Excerpted records:
__________________________________________________

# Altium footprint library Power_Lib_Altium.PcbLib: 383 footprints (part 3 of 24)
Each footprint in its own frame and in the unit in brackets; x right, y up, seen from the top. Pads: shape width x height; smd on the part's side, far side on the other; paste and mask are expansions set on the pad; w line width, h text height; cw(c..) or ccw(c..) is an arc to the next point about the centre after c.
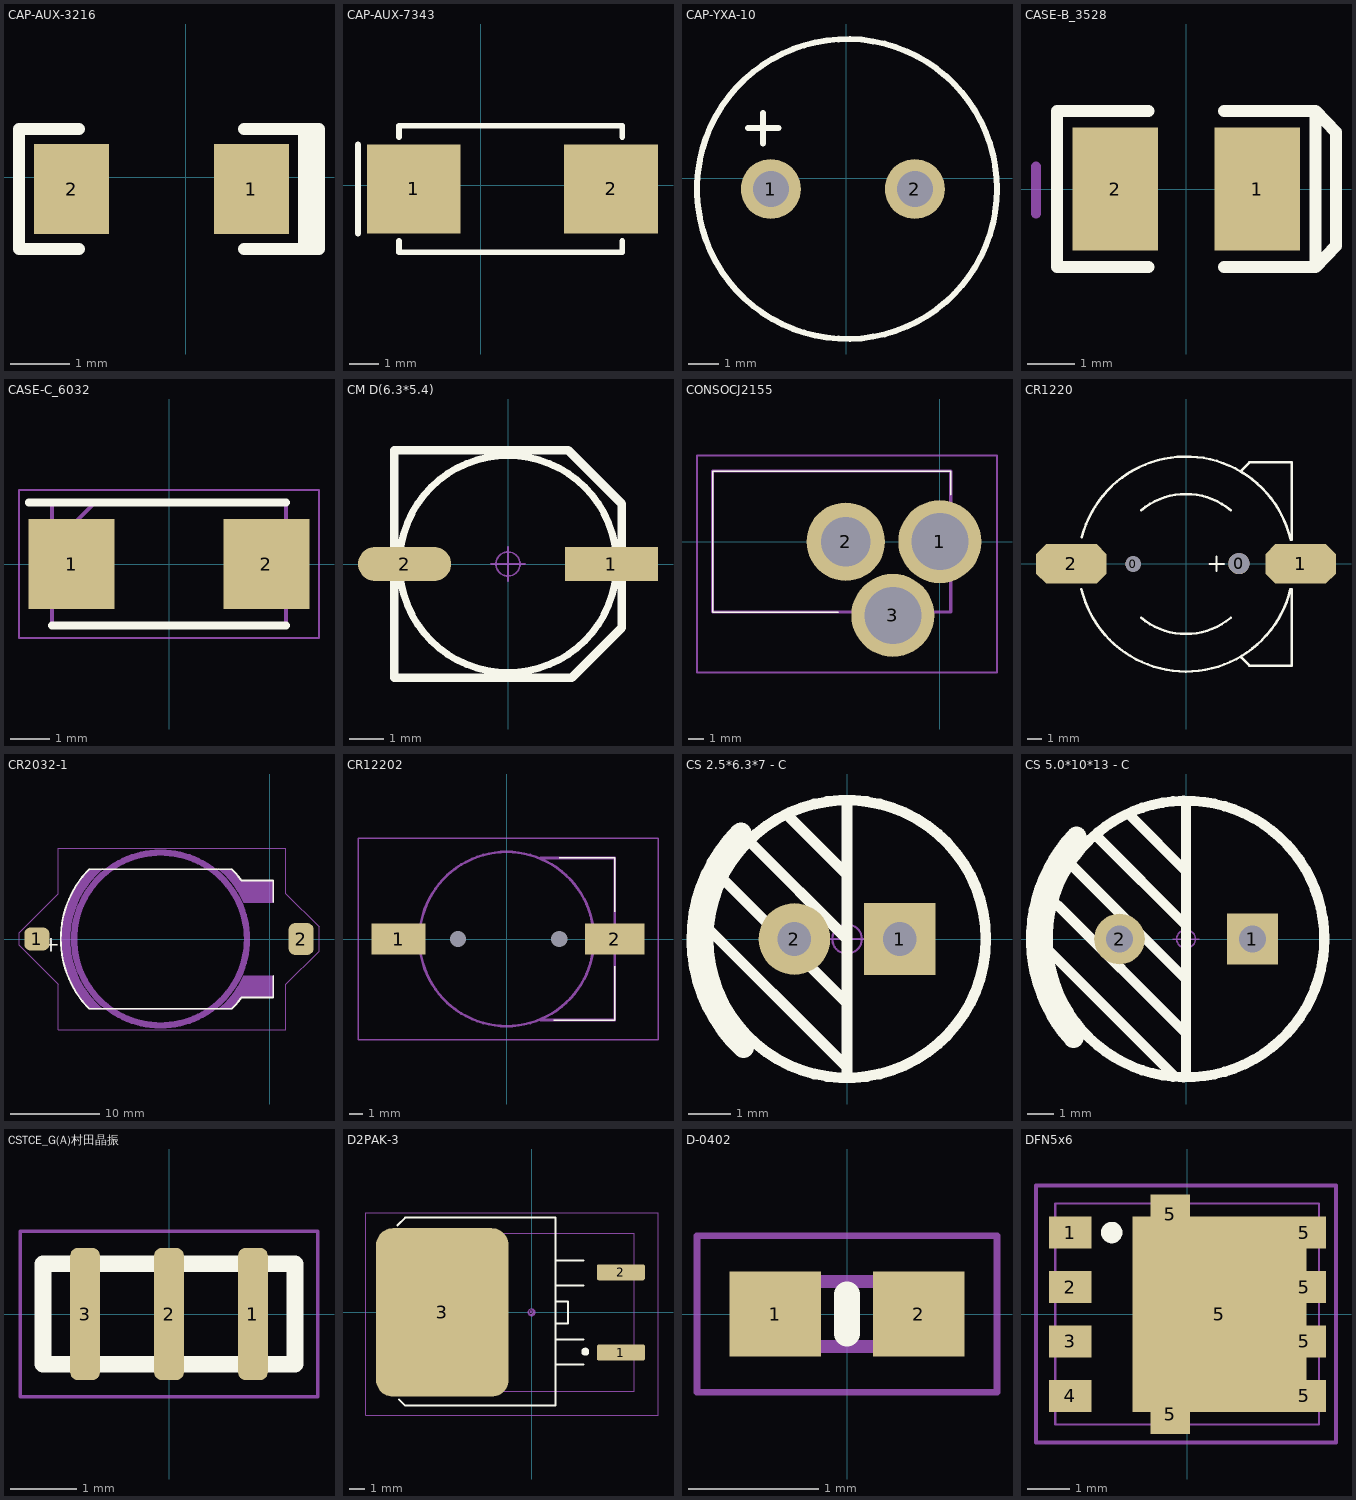
[diagram p2: the footprints below, top view; thin cyan lines are the x and y axes]

## CAP-AUX-3216 [mil] "钽电容1206大小"
pads (2):
  rect 50x60 smd: 1(44,-8) 2(-76,-8)
Top Overlay:
  lines w7.87: -111,-48 -71,-48 ; -111,32 -71,32 ; 39,-48 89,-48 ; 39,32 89,32
  lines w8: -111,-48 -111,32 ; 79,-48 79,32 ; 84,-48 84,32 ; 89,-48 89,32
3D body "User Library-CAP_TANT_3216-18_A_case-1.SLDPRT": height 66.93, standoff 0, extent -81.93,-45 51.93,25.87

## CAP-AUX-7343 [mm] "贴片7343钽电容"
pads (2):
  rect 3.2x3.05 smd: 1(-2.286,-0.127) 2(4.445,-0.127)
Top Overlay:
  lines w0.2: -4.191,-1.651 -4.191,1.397 ; -2.794,-1.905 -2.794,-2.286 4.826,-2.286 4.826,-1.905 ; -2.794,1.651 -2.794,2.032 4.826,2.032 4.826,1.651
3D body "User Library-AVX_E_CASE.SLDPRT": height 4.2, standoff 0, extent -2.684,-2.352 4.716,2.098

## CAP-YXA-10 [mm]
pads (2):
  round 2 hole 1.2: 1(-2.515,-0.356) 2(2.285,-0.356)
Top Overlay:
  circle w0.2: c0.025,-0.356 r5
  lines w0.2: -3.277,1.676 -2.261,1.676 ; -2.769,1.168 -2.769,2.184

## CASE-B_3528 [mm]
pads (2):
  rect 1.8x2.6 smd: 1(1.5,0) 2(-1.5,0)
Top Overlay:
  lines w0.254: -0.8,-1.65 -2.727,-1.65 -2.727,1.65 -0.8,1.65 ; 0.8,-1.65 2.727,-1.65 ; 0.8,1.65 2.727,1.65 ; 2.727,-1.65 3.163,-1.2 3.163,1.2 2.727,1.65 ; 2.727,-1.65 2.727,1.65
Mechanical 15:
  lines w0.203: -3.175,-0.525 -3.175,0.475
3D body "User Library-AVX_BCASE.STEP": height 2.03, standoff 0, extent -1.85,-1.465 1.85,1.465

## CASE-C_6032 [mm]
pads (2):
  rect 2.2x2.3 smd: 1(-2.5,0) 2(2.5,0)
Top Overlay:
  lines w0.2: -3.6,1.575 3,1.575 ; -3,-1.575 3,-1.575
Mechanical 13:
  lines w0.1: -3,0.475 -1.9,1.575 ; -3,-1.575 3,-1.575 3,1.575 -3,1.575 -3,-1.575
Mechanical 15:
  lines w0.05: -3.85,-1.9 3.85,-1.9 3.85,1.9 -3.85,1.9 -3.85,-1.9
3D body "TAJC226K025RNJ.stp": height 2.8, standoff 0, extent -3,-1.575 3,1.575

## CM D(6.3*5.4) [mm] "贴片电解电容，直径6.3mm，高5.4mm"
height 5.4
pads (2):
  rect 2.7x1 smd: 1(3,0)
  oval 2.7x1 smd: 2(-3,0)
Top Overlay:
  circle w0.2: c0,0 r3.15
  lines w0.254: -3.3,-3.3 1.85,-3.3 3.3,-1.85 3.3,1.75 1.75,3.3 -3.3,3.3 -3.3,-3.3
Mechanical 15:
  circle w0.05: c0,0 r0.35
  lines w0.05: -0.5,0 0.5,0 ; 0,-0.5 0,0.5
3D body "CM D(6.3X5.4).STEP": height 5.4, standoff -0.01, extent -3.5,-3.3 3.5,3.3

## CONSOCJ2155 [mm]
pads (3):
  round 5.3 hole 3.64: 1(0,0) 3(-3,-4.7)
  round 5 hole 3.162: 2(-6,0)
Top Overlay:
  lines w0.1: -6.5,-4.5 -14.5,-4.5 -14.5,4.5 0.7,4.5 0.7,3
Mechanical 13:
  lines w0.2: -14.5,-4.5 -14.5,4.5 0.7,4.5 0.7,-4.5 -14.5,-4.5
Mechanical 15:
  lines w0.1: -15.5,-8.35 -15.5,5.5 3.65,5.5 3.65,-8.35 -15.5,-8.35
3D body "CON-SOCJ-2155.stp": height 11.1, standoff -5, extent -14.5,-6.42 1.72,4.5

## CR1220 [mm]
pads (4):
  round 1.1 hole 1.1: 0(-3.754,-0.012)
  round 1.5 hole 1.5: 0(3.746,0.012)
  oct 5x2.8 smd: 1(8.132,-0.01) 2(-8.132,-0.01)
Top Overlay:
  lines w0.152: 1.655,-0.01 2.671,-0.01 ; 2.163,-0.518 2.163,0.498
  lines w0.178: -7.411,-1.8 ccw(c-0.004,-0.012) -0.004,-7.632 ccw(c-0.004,-0.012) 7.404,-1.796 ; -7.38,1.9 cw(c-0.004,-0.012) 7.417,1.72 ; -3.176,-3.825 ccw(c-0.004,-0.012) 3.165,-3.827 ; -3.176,3.8 cw(c-0.004,-0.012) 3.171,3.797 ; 3.896,-6.613 4.496,-7.213 7.496,-7.213 7.496,-1.796 ; 3.921,6.613 4.496,7.187 7.496,7.187 7.496,1.72

## CR2032-1 [mil]
pads (2):
  rrect50% 110x100 smd: 1(-1023.62,0)
  rrect50% 110x140 smd: 2(137.8,0)
Top Overlay:
  lines w8: 15.61,-161.42 15.61,-256.94 -124.05,-256.94 cw(c-480,0) -166.24,-307.01 -793.76,-307.01 cw(c-480,0) -793.76,307.01 -166.24,307.01 cw(c-480,0) -124.08,256.94 15.61,256.94 15.61,161.42
  text "+" at -921.42,28.01 h118.11
Mechanical 13:
  circle w28: c-480,0 r380
  region: -114.46,161.44 -119.25,171.88 -129.72,192.33 -141.35,212.14 -154.1,231.25 -167.93,249.6 -182.79,267.12 -198.63,283.76 -215.41,299.46 -224.12,306.94 -224.12,306.87 -166.24,306.87 -166.24,307.01 -160.51,301.16 -149.5,289.03 -138.95,276.5 -128.87,263.58 -124.08,256.94 15.61,256.94 15.61,161.42
  region: -793.76,-307.01 -805.66,-294.85 -827.49,-268.77 -847.25,-241.08 -864.8,-211.94 -880.05,-181.53 -892.89,-150.03 -903.26,-117.64 -911.1,-84.53 -916.34,-50.92 -918.98,-17.01 -918.98,17.01 -916.34,50.92 -911.1,84.53 -903.26,117.64 -892.89,150.03 -880.04,181.53 -864.8,211.94 -847.25,241.08 -827.49,268.77 -805.65,294.85 -793.76,307.01 -735.88,307.01 -735.88,306.94 -749.07,295.44 -773.88,270.77 -796.44,244.03 -816.58,215.41 -834.13,185.14 -848.97,153.46 -860.98,120.59 -870.06,86.8 -876.16,52.35 -879.22,17.49 -879.22,-17.49 -876.16,-52.35 -870.06,-86.8 -860.98,-120.59 -848.97,-153.46 -834.13,-185.14 -816.58,-215.41 -796.44,-244.03 -773.88,-270.77 -749.07,-295.44 -735.88,-306.94 -735.88,-307.01
  region: -166.24,-307.01 -160.51,-301.15 -149.5,-289.02 -138.94,-276.49 -128.86,-263.57 -124.07,-256.93 -124.05,-256.94 15.61,-256.94 15.61,-161.42 -114.46,-161.42 -114.46,-161.44 -119.25,-171.88 -129.72,-192.33 -141.35,-212.14 -154.1,-231.25 -167.93,-249.6 -182.79,-267.12 -198.63,-283.76 -215.41,-299.46 -224.12,-306.94 -224.12,-307.01
  lines w2: -735.88,-306.94 cw(c-480,0) -735.88,306.94 ; -224.12,-306.94 ccw(c-480,0) -114.46,-161.44 ; -224.12,306.87 -166.24,306.87 ; -224.12,306.94 cw(c-480,0) -114.46,161.44 ; -224.12,307.01 -793.76,307.01 ccw(c-480,0) -793.76,-307.01 -224.12,-307.01 -166.24,-307.01 ccw(c-480,0) -124.07,-256.93 15.61,-256.94 15.61,-161.42 -114.46,-161.42 ; -166.24,307.01 cw(c-480,0) -124.08,256.94 15.61,256.94 15.61,161.42 -114.5,161.42
Mechanical 14:
  lines w2: -1102.36,-27.64 -930,-200 -930,-400 70,-400 70,-200 216.54,-53.46 216.54,53.46 70,200 70,400 -930,400 -930,200 -1102.36,27.64 -1102.36,-27.64
3D body "User Library-BLP2032M-G.STEP": height 191.34, standoff 0, extent -905.12,-297.24 30.32,297.25

## CR12202 [mm]
pads (4):
  rect 4x2.3 smd: 1(-8,0)
  rect 4.4x2.3 smd: 2(8,0)
  round 0.6 hole 1.2 unplated: MH1(-3.6,0) MH2(3.9,0)
Top Overlay:
  lines w0.1: 3.5,-6 8,-6 8,-2 ; 3.9,6 8,6 8,2
Mechanical 13:
  lines w0.2: 2.5,-6 8,-6 8,6 2.5,6 ; 0,-6.45 ccw(c0,0) 0,6.45 ccw(c0,0) 0,-6.45
Mechanical 15:
  lines w0.1: -11,-7.45 -11,7.45 11.2,7.45 11.2,-7.45 -11,-7.45

## CS 2.5*6.3*7 - C [mm] "脚距2.5mm , 直径6.3mm , 高7mm"
pads (2):
  rect 1.7x1.7 hole 0.8: 1(1.25,0)
  round 1.7 hole 0.8: 2(-1.25,0)
Top Overlay:
  circle w0.254: c0,0 r3.3
  lines w0.254: -3.556,0.508 0,-3.048 ; -3.048,1.524 0,-1.524 ; -2.286,2.286 0,0 ; -1.397,2.921 0,1.524 ; 0,-3.15 0,3.15
  lines w0.504: -2.521,2.521 ccw(c0,0) -2.459,-2.582
Mechanical 15:
  circle w0.05: c0,0 r0.35
  lines w0.05: -0.5,0 0.5,0 ; 0,-0.5 0,0.5
3D body "CS 6.3X7.STEP": height 7.02, standoff -3.48, extent -3.15,-3.15 3.15,3.15

## CS 5.0*10*13 - C [mm] "脚距5mm , 直径10mm , 高13mm"
pads (2):
  rect 1.9x1.9 hole 1: 1(2.5,0)
  round 1.9 hole 1: 2(-2.5,0)
Top Overlay:
  circle w0.381: c0,0 r5.2
  lines w0.381: -5.08,-0.508 -0.508,-5.08 ; -5.08,1.27 -4.826,1.27 0,-3.556 ; -4.318,2.794 0,-1.524 ; -3.302,3.81 0,0.508 0,1.016 ; -2.032,4.572 0,2.54 ; 0,-5 0,5
  lines w0.75: -4.229,-3.731 cw(c0,0) -4.114,3.857
Mechanical 15:
  circle w0.05: c0,0 r0.35
  lines w0.05: -0.5,0 0.5,0 ; 0,-0.5 0,0.5
3D body "CS 10X13.STEP": height 13.02, standoff -3.48, extent -5,-5 5,5

## CSTCE_G(A)村田晶振 [mm]
pads (3):
  rrect50% 0.45x2 smd: 1(1.27,0) 2(0,0) 3(-1.27,0)
Top Overlay:
  lines w0.254: -1.905,-0.762 -1.905,0.762 1.905,0.762 1.905,-0.762 -1.905,-0.762
Mechanical 13:
  lines w0.051: -0.127,0 0.127,0 ; 0,-0.127 0,0.127 ; -1.9,-0.8 -1.9,0.8 1.9,0.8 1.9,-0.8 -1.9,-0.8
Mechanical 14:
  lines w0.051: -2.25,-1.25 -2.25,1.25 2.25,1.25 2.25,-1.25 -2.25,-1.25
3D body: height 1, standoff 0, extent -1.9,-0.8 1.9,0.8

## D2PAK-3 [mil] "D-PAK/TO-263-3; 3 Leads (1 Cropped); Body 14.7 (inc. leads) x 10.2 mm (LxW max)"
height 180
pads (4):
  round 20 on Mech15: 0(0,0)
  rrect25% 120x40 smd: 1(222.5,-100) 2(222.5,100)
  rrect25% 330x420 smd: 3(-222.5,0)
Top Overlay:
  circle w9.84: c133.8,-97.83 r4.92
  lines w5: -334.65,216.54 -314.96,236.22 59.06,236.22 59.06,-232.28 -314.96,-232.28 -330.71,-216.54 ; 129.92,-129.92 59.06,-129.92 59.06,-66.93 129.92,-66.93 ; 129.92,66.93 59.06,66.93 59.06,129.92 129.92,129.92 ; 59.06,-27.56 59.06,27.56 90.55,27.56 90.55,-27.56 59.06,-27.56
Mechanical 13:
  lines w3: -361.41,-196.85 255.51,-196.85 255.51,196.85 -361.41,196.85 -361.41,-196.85
Mechanical 15:
  lines w3: -413.39,-255.91 -413.39,248.03 314.96,248.03 314.96,-255.91 -413.39,-255.91
3D body "SW3dPS-TO263-3S.STEP": height 189.36, standoff 0.39, extent -361.41,-196.85 255.51,196.85

## D-0402 [mm]
pads (2):
  rect 0.7x0.65 smd: 1(-0.55,0) 2(0.55,0)
Top Overlay:
  lines w0.2: 0,-0.15 0,0.15
Mechanical 13:
  lines w0.1: -0.5,-0.25 -0.5,0.25 0.5,0.25 0.5,-0.25 -0.5,-0.25
Mechanical 15:
  lines w0.05: -1.15,-0.6 -1.15,0.6 1.15,0.6 1.15,-0.6 -1.15,-0.6
3D body "PESD0402-140.stp": height 0.43, standoff 0, extent -0.5,-0.25 0.5,0.25

## DFN5x6 [mm]
pads (11):
  rect 1x0.75 smd: 1(-2.73,1.905) 2(-2.73,0.635) 3(-2.73,-0.635) 4(-2.73,-1.905) 5(2.73,-1.905) 5(2.73,-0.635) 5(2.73,0.635) 5(2.73,1.905)
  rect 0.92x0.905 smd: 5(-0.394,-2.337) 5(-0.394,2.337)
  rect 4.055x4.56 smd: 5(0.749,0)
Top Overlay:
  circle w0.25: c-1.765,1.905 r0.125
Mechanical 13:
  lines w0.051: -0.254,0 0.254,0 ; 0,-0.254 0,0.254 ; -3.08,-2.57 3.07,-2.57 3.07,2.58 -3.08,2.58 -3.08,-2.57
Mechanical 14:
  lines w0.1: -3.531,-2.995 -3.531,3.005 3.47,3.005 3.47,-2.995 -3.531,-2.995
Mechanical 15:
  lines w0.1: -0.5,0 0.5,0 ; 0,-0.5 0,0.5
3D body "DFN5x6_SO8FL.STEP": height 1.12, standoff -0.01, extent -3.08,-2.57 3.07,2.58

__________________________________________________

What you have to do:
Your answer must consist solely of the lines above between the line holding "## CR12202 [mm]" and the line holding "lines w0.254: -3.556,0.508", inclusive, copied exactly.

Written answer:
## CR12202 [mm]
pads (4):
  rect 4x2.3 smd: 1(-8,0)
  rect 4.4x2.3 smd: 2(8,0)
  round 0.6 hole 1.2 unplated: MH1(-3.6,0) MH2(3.9,0)
Top Overlay:
  lines w0.1: 3.5,-6 8,-6 8,-2 ; 3.9,6 8,6 8,2
Mechanical 13:
  lines w0.2: 2.5,-6 8,-6 8,6 2.5,6 ; 0,-6.45 ccw(c0,0) 0,6.45 ccw(c0,0) 0,-6.45
Mechanical 15:
  lines w0.1: -11,-7.45 -11,7.45 11.2,7.45 11.2,-7.45 -11,-7.45

## CS 2.5*6.3*7 - C [mm] "脚距2.5mm , 直径6.3mm , 高7mm"
pads (2):
  rect 1.7x1.7 hole 0.8: 1(1.25,0)
  round 1.7 hole 0.8: 2(-1.25,0)
Top Overlay:
  circle w0.254: c0,0 r3.3
  lines w0.254: -3.556,0.508 0,-3.048 ; -3.048,1.524 0,-1.524 ; -2.286,2.286 0,0 ; -1.397,2.921 0,1.524 ; 0,-3.15 0,3.15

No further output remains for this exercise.